- **WHAT TO WORK ON**
Your job with the data below: print everything from the line that holds "#107=FACE_BOUND('',#106,.T.);" down to the line that holds "#165=CARTESIAN_POINT('',(180.,0.,2.));", ends included, exactly, and nothing else.

- **DATA RECORDS**
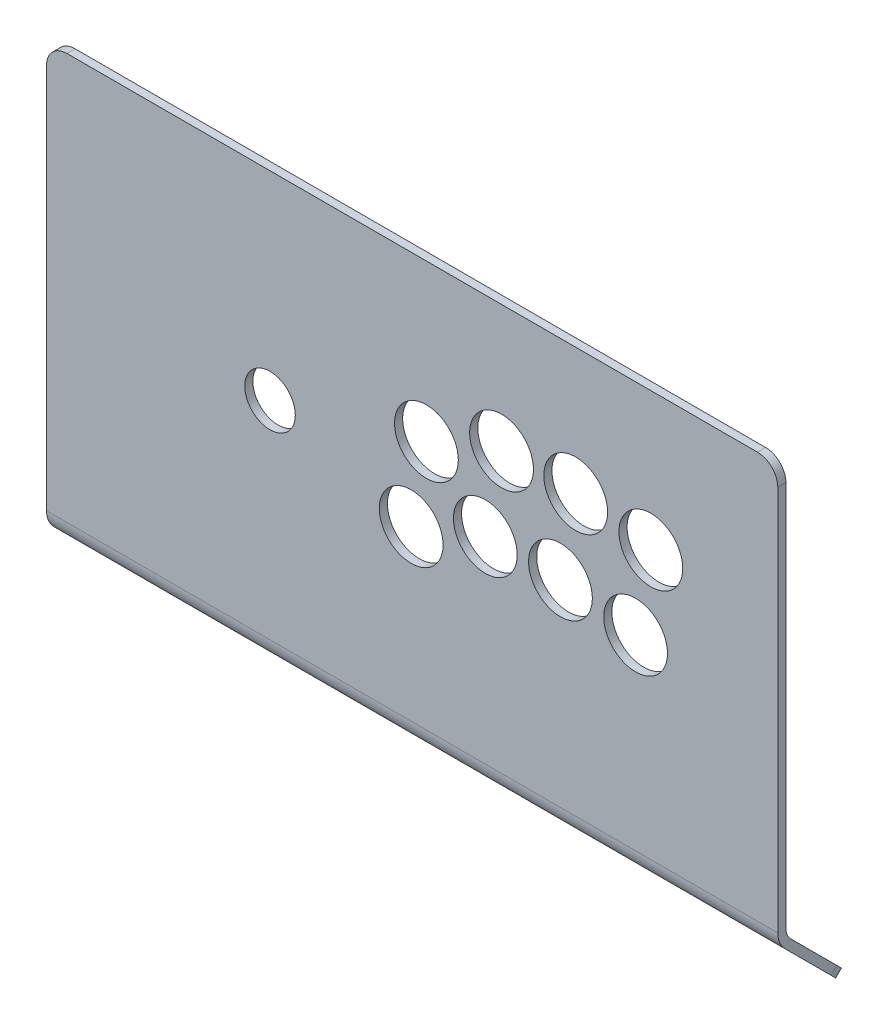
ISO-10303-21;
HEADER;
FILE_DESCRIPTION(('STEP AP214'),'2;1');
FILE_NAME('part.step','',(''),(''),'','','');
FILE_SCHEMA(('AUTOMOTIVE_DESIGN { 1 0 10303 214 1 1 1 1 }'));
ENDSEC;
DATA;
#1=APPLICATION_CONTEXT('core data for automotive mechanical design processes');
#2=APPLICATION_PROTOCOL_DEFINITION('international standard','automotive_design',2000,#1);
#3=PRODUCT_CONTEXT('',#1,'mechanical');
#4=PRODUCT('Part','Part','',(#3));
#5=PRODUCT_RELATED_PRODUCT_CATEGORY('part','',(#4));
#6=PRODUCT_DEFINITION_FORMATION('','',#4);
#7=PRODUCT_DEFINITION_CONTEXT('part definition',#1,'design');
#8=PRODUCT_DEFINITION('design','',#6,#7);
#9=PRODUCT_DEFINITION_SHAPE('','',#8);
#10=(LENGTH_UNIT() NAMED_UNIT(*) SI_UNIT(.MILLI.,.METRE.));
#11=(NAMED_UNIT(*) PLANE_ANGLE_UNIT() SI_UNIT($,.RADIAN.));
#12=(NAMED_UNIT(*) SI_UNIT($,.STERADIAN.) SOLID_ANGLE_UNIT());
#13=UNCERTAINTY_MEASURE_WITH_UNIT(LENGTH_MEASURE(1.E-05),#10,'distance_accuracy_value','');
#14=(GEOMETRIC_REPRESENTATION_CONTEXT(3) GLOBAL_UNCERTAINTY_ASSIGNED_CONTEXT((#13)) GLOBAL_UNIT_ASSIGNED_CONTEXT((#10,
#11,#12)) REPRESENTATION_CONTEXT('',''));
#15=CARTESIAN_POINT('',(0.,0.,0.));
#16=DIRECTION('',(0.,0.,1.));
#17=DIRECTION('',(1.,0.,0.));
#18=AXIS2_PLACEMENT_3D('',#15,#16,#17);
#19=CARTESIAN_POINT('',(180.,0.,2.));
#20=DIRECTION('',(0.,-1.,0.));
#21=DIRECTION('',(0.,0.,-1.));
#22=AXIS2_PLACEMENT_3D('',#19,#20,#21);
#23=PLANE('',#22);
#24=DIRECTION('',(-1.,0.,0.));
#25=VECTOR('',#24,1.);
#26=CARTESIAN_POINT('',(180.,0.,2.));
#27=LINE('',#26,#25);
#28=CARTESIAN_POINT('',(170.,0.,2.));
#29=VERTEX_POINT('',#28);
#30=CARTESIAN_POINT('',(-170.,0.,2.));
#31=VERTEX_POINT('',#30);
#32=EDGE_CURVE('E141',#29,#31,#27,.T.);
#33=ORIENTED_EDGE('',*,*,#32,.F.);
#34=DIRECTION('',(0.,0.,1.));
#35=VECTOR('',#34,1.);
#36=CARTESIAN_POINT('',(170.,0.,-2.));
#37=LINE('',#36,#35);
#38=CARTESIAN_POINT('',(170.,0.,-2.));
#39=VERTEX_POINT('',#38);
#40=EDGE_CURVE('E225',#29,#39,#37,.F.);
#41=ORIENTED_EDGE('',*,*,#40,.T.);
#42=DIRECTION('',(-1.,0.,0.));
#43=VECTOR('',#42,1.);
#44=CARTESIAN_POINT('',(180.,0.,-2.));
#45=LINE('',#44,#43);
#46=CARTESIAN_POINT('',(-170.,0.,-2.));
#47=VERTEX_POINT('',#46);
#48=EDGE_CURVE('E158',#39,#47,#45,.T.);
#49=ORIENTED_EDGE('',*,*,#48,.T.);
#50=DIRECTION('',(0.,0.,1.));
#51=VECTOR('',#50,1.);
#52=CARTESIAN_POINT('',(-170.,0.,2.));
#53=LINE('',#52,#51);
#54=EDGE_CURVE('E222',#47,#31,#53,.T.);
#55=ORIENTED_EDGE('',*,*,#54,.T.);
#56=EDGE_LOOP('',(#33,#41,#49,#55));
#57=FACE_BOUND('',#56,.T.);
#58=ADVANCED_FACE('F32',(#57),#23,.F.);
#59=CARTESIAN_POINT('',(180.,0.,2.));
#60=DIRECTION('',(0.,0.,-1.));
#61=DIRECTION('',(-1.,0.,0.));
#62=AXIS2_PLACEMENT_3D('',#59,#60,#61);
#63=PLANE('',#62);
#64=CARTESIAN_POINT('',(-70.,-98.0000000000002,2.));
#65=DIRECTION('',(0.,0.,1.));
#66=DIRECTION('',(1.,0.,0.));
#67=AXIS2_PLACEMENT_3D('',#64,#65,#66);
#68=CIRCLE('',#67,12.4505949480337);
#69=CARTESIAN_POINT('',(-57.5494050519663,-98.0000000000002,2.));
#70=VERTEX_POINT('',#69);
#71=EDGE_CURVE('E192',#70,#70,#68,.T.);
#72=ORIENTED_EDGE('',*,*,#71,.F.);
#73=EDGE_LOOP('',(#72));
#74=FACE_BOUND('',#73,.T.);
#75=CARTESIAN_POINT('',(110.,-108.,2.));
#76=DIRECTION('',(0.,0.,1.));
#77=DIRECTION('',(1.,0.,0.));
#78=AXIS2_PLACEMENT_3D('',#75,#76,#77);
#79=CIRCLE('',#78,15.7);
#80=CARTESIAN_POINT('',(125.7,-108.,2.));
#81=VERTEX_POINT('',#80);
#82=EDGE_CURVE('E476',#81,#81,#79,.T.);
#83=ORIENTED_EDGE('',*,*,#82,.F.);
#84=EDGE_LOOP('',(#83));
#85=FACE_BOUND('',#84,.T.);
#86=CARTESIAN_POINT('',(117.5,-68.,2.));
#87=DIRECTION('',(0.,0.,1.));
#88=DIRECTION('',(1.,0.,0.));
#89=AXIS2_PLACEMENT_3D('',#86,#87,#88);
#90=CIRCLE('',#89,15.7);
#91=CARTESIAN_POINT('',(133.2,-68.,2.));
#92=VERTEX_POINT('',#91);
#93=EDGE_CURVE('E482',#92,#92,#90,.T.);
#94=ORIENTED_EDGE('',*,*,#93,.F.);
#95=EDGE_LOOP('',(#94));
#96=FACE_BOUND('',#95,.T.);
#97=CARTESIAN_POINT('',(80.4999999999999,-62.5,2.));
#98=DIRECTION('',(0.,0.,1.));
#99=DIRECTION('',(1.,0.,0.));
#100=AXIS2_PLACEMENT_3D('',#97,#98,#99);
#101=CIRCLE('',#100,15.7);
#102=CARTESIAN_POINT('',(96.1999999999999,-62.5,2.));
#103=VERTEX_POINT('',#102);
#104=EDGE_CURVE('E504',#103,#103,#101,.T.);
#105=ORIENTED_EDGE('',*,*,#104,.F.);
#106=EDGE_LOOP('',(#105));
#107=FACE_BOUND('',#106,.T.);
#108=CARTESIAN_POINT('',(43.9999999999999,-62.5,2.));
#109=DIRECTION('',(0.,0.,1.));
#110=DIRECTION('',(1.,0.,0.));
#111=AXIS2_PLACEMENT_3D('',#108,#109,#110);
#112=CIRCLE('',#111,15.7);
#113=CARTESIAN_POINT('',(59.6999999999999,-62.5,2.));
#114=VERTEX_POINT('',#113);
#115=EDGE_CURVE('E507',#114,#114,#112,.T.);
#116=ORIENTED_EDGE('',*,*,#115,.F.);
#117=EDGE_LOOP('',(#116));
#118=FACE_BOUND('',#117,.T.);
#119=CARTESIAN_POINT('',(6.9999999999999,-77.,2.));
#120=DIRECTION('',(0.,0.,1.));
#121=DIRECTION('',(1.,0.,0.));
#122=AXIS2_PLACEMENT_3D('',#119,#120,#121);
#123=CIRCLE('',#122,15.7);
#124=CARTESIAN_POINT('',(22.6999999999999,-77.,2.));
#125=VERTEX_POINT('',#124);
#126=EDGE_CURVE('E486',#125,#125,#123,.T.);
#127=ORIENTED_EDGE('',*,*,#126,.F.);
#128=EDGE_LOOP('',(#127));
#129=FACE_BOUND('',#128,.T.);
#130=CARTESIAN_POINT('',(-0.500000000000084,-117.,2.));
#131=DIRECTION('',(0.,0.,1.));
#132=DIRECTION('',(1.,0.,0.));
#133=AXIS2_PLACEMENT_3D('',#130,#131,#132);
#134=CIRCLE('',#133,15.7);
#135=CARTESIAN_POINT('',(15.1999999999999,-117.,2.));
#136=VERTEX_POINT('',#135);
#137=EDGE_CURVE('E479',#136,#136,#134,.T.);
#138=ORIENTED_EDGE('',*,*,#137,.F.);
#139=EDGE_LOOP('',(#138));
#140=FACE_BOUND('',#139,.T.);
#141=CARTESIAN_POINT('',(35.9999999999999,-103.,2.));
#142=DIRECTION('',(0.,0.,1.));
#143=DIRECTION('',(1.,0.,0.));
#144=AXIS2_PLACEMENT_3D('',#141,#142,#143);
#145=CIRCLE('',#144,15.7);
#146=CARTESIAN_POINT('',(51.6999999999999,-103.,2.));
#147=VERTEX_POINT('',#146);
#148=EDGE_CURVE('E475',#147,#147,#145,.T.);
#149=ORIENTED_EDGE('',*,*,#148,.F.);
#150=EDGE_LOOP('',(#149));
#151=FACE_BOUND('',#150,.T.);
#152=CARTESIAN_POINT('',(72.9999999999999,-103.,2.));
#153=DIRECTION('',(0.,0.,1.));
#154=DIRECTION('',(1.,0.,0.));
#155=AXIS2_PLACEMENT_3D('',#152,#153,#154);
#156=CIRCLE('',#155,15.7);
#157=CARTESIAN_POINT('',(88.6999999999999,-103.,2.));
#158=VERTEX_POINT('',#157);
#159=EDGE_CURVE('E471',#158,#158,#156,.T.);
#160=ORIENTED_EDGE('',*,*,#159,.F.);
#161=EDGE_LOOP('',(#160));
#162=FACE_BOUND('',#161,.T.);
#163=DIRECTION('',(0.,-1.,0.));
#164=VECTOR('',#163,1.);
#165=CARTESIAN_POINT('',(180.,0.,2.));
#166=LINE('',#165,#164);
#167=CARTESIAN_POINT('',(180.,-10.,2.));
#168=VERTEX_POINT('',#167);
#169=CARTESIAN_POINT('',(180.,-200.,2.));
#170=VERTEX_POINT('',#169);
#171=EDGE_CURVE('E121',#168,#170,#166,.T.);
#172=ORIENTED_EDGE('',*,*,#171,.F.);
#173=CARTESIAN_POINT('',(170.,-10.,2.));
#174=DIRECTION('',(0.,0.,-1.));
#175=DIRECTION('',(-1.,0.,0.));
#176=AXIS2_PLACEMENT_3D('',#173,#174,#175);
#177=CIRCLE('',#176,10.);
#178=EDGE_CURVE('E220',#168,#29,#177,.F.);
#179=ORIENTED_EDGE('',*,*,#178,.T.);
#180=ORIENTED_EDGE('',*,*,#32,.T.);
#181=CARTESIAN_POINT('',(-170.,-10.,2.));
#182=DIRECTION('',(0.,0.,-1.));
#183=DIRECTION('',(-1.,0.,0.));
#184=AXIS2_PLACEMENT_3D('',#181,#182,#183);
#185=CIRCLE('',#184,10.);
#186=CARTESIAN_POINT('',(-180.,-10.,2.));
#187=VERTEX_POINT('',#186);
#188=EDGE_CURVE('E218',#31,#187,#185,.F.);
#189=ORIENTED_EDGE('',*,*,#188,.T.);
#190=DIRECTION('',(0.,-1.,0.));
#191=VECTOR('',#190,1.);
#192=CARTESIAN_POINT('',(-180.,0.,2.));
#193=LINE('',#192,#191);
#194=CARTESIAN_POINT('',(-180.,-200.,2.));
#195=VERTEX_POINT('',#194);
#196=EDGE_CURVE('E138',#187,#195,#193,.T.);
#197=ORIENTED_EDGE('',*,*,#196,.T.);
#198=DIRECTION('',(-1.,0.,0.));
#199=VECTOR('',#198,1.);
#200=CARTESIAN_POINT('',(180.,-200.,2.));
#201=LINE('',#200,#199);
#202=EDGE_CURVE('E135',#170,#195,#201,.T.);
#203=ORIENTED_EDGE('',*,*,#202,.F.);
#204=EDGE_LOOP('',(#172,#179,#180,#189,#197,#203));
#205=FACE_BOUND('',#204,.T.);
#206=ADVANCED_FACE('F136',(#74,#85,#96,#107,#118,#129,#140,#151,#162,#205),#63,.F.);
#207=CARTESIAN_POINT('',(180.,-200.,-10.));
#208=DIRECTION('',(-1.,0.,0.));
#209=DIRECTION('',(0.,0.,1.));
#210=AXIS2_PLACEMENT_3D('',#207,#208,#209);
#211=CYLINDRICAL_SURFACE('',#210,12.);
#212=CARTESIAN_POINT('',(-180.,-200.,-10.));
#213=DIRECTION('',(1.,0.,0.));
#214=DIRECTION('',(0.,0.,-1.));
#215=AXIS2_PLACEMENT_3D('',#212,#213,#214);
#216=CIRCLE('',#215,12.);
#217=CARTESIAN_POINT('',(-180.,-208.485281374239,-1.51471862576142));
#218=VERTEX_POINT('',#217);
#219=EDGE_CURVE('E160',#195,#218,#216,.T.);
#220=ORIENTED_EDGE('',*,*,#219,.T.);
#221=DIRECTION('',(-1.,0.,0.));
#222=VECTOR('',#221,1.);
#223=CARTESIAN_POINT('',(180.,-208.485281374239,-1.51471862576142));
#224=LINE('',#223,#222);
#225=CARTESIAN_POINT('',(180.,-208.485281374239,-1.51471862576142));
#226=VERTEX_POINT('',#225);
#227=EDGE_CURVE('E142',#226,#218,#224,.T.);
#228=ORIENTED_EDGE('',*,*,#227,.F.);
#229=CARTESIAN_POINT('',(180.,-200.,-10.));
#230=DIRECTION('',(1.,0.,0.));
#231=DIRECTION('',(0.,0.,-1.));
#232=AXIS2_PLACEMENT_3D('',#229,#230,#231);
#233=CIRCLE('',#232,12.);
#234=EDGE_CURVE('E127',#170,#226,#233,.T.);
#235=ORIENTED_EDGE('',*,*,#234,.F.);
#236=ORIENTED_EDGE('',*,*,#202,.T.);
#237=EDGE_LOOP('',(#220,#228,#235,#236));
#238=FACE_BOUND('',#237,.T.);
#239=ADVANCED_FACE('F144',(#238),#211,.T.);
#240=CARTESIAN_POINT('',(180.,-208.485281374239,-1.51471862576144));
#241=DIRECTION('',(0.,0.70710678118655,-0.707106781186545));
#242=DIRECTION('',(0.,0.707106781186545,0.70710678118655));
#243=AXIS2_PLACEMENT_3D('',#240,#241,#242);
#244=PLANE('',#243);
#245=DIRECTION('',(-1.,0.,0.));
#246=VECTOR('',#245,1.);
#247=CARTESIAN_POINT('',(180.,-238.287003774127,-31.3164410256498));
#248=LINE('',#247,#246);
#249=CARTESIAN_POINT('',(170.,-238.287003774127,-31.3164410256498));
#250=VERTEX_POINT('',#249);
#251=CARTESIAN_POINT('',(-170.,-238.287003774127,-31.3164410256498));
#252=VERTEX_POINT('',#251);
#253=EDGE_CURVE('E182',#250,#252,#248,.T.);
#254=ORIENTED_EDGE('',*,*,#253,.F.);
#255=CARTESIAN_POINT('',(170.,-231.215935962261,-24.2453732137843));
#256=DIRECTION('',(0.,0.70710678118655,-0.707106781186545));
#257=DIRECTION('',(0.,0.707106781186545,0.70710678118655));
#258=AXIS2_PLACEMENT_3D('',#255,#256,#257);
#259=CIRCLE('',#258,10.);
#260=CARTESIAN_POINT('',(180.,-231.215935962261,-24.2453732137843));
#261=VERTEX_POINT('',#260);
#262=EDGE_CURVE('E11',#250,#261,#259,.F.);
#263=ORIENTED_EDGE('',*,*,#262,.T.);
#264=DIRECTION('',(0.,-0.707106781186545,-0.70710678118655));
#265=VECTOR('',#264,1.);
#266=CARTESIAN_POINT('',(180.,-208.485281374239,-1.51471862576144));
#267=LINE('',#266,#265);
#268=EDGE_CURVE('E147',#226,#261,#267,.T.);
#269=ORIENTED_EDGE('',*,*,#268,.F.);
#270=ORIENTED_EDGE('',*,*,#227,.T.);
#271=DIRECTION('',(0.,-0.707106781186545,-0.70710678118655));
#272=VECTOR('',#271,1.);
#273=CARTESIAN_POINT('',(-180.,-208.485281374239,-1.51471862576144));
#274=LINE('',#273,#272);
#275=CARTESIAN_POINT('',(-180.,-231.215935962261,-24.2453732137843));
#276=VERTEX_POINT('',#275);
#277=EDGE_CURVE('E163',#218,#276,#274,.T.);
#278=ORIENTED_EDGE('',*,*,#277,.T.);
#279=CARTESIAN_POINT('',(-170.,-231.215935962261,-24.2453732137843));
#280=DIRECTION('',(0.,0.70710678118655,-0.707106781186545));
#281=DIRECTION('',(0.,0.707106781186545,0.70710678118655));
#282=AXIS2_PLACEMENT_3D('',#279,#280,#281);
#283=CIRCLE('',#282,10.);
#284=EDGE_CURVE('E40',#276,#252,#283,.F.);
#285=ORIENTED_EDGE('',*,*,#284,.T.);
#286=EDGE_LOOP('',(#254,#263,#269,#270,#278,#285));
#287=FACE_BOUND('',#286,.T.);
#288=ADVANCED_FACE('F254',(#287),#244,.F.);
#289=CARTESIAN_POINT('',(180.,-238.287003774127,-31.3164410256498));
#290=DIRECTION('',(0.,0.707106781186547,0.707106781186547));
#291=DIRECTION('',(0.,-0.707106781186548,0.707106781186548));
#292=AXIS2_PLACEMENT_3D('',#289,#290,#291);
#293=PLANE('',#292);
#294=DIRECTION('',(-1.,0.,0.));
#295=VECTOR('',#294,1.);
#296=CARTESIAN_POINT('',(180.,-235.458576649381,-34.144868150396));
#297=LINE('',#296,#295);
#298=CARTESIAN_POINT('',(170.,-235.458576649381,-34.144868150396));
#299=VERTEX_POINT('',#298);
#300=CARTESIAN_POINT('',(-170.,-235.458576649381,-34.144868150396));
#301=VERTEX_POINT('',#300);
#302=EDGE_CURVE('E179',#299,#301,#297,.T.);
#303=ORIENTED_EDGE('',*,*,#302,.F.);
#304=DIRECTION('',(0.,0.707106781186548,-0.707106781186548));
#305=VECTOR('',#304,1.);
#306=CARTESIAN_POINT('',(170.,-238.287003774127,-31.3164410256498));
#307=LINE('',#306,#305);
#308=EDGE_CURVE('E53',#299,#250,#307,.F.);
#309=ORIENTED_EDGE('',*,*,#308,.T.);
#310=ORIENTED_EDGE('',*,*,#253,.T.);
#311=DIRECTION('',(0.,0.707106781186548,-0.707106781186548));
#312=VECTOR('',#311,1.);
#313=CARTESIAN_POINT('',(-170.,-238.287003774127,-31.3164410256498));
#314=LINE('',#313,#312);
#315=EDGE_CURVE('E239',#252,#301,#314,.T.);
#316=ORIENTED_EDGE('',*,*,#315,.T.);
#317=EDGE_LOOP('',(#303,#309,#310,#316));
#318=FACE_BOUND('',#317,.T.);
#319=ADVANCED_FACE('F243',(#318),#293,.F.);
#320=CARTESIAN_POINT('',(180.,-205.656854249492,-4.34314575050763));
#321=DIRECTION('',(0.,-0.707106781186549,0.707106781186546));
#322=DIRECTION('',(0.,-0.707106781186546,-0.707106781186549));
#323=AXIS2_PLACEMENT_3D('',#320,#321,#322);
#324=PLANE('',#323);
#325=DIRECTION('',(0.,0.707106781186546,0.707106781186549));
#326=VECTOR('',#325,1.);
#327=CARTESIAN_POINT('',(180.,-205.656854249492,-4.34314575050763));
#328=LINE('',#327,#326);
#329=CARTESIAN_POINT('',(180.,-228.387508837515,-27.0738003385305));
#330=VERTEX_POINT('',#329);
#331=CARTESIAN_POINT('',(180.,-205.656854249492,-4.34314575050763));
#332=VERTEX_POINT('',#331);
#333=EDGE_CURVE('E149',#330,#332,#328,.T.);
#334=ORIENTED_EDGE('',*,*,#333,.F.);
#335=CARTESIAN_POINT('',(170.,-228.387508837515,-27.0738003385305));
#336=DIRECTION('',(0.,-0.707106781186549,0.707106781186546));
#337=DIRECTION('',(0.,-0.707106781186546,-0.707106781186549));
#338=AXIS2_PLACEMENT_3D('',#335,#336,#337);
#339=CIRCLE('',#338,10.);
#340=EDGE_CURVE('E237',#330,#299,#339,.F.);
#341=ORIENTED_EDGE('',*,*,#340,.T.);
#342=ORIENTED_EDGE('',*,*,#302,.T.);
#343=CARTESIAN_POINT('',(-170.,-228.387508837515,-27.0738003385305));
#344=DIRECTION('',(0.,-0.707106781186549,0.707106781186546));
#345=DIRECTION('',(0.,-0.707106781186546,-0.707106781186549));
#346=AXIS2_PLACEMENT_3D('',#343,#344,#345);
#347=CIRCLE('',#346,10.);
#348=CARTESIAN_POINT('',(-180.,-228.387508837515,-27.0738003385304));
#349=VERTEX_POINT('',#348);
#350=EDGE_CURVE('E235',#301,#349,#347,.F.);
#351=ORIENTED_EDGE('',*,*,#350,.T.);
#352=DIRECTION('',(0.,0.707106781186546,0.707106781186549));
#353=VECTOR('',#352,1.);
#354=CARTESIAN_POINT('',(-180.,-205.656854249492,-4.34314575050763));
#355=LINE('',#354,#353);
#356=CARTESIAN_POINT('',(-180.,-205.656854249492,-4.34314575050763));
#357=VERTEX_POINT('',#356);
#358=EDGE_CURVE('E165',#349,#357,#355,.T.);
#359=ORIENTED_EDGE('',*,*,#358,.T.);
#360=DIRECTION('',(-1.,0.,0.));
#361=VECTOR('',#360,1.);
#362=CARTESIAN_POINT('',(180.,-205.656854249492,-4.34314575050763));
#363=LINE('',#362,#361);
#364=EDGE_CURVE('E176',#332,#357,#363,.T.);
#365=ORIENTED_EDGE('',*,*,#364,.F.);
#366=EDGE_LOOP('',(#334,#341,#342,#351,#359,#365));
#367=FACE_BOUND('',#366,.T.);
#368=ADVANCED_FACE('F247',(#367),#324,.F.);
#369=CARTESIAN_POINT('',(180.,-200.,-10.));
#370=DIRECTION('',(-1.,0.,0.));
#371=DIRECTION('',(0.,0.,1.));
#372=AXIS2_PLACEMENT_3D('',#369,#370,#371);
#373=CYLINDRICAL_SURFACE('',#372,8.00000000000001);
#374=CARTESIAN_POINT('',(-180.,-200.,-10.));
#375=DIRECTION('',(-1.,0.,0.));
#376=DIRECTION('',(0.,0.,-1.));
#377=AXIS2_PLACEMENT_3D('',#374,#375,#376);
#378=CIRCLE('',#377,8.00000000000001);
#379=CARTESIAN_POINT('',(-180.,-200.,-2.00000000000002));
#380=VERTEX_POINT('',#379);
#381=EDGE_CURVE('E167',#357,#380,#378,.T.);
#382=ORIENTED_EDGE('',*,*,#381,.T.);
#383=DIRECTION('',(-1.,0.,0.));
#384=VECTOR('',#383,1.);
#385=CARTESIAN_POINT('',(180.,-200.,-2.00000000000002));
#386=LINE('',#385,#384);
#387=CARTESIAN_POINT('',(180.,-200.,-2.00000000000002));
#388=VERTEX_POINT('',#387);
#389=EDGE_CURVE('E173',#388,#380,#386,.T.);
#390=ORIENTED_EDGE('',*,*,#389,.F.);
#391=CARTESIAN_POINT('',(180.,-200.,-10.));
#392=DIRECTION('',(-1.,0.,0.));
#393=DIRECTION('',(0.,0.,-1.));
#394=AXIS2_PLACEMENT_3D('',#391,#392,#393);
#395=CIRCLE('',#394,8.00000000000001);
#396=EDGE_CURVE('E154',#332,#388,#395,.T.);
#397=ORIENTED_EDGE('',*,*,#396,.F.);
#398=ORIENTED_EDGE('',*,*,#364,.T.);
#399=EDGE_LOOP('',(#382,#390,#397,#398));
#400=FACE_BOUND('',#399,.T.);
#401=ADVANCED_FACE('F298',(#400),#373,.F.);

- **COMPLETED TASK**
#107=FACE_BOUND('',#106,.T.);
#108=CARTESIAN_POINT('',(43.9999999999999,-62.5,2.));
#109=DIRECTION('',(0.,0.,1.));
#110=DIRECTION('',(1.,0.,0.));
#111=AXIS2_PLACEMENT_3D('',#108,#109,#110);
#112=CIRCLE('',#111,15.7);
#113=CARTESIAN_POINT('',(59.6999999999999,-62.5,2.));
#114=VERTEX_POINT('',#113);
#115=EDGE_CURVE('E507',#114,#114,#112,.T.);
#116=ORIENTED_EDGE('',*,*,#115,.F.);
#117=EDGE_LOOP('',(#116));
#118=FACE_BOUND('',#117,.T.);
#119=CARTESIAN_POINT('',(6.9999999999999,-77.,2.));
#120=DIRECTION('',(0.,0.,1.));
#121=DIRECTION('',(1.,0.,0.));
#122=AXIS2_PLACEMENT_3D('',#119,#120,#121);
#123=CIRCLE('',#122,15.7);
#124=CARTESIAN_POINT('',(22.6999999999999,-77.,2.));
#125=VERTEX_POINT('',#124);
#126=EDGE_CURVE('E486',#125,#125,#123,.T.);
#127=ORIENTED_EDGE('',*,*,#126,.F.);
#128=EDGE_LOOP('',(#127));
#129=FACE_BOUND('',#128,.T.);
#130=CARTESIAN_POINT('',(-0.500000000000084,-117.,2.));
#131=DIRECTION('',(0.,0.,1.));
#132=DIRECTION('',(1.,0.,0.));
#133=AXIS2_PLACEMENT_3D('',#130,#131,#132);
#134=CIRCLE('',#133,15.7);
#135=CARTESIAN_POINT('',(15.1999999999999,-117.,2.));
#136=VERTEX_POINT('',#135);
#137=EDGE_CURVE('E479',#136,#136,#134,.T.);
#138=ORIENTED_EDGE('',*,*,#137,.F.);
#139=EDGE_LOOP('',(#138));
#140=FACE_BOUND('',#139,.T.);
#141=CARTESIAN_POINT('',(35.9999999999999,-103.,2.));
#142=DIRECTION('',(0.,0.,1.));
#143=DIRECTION('',(1.,0.,0.));
#144=AXIS2_PLACEMENT_3D('',#141,#142,#143);
#145=CIRCLE('',#144,15.7);
#146=CARTESIAN_POINT('',(51.6999999999999,-103.,2.));
#147=VERTEX_POINT('',#146);
#148=EDGE_CURVE('E475',#147,#147,#145,.T.);
#149=ORIENTED_EDGE('',*,*,#148,.F.);
#150=EDGE_LOOP('',(#149));
#151=FACE_BOUND('',#150,.T.);
#152=CARTESIAN_POINT('',(72.9999999999999,-103.,2.));
#153=DIRECTION('',(0.,0.,1.));
#154=DIRECTION('',(1.,0.,0.));
#155=AXIS2_PLACEMENT_3D('',#152,#153,#154);
#156=CIRCLE('',#155,15.7);
#157=CARTESIAN_POINT('',(88.6999999999999,-103.,2.));
#158=VERTEX_POINT('',#157);
#159=EDGE_CURVE('E471',#158,#158,#156,.T.);
#160=ORIENTED_EDGE('',*,*,#159,.F.);
#161=EDGE_LOOP('',(#160));
#162=FACE_BOUND('',#161,.T.);
#163=DIRECTION('',(0.,-1.,0.));
#164=VECTOR('',#163,1.);
#165=CARTESIAN_POINT('',(180.,0.,2.));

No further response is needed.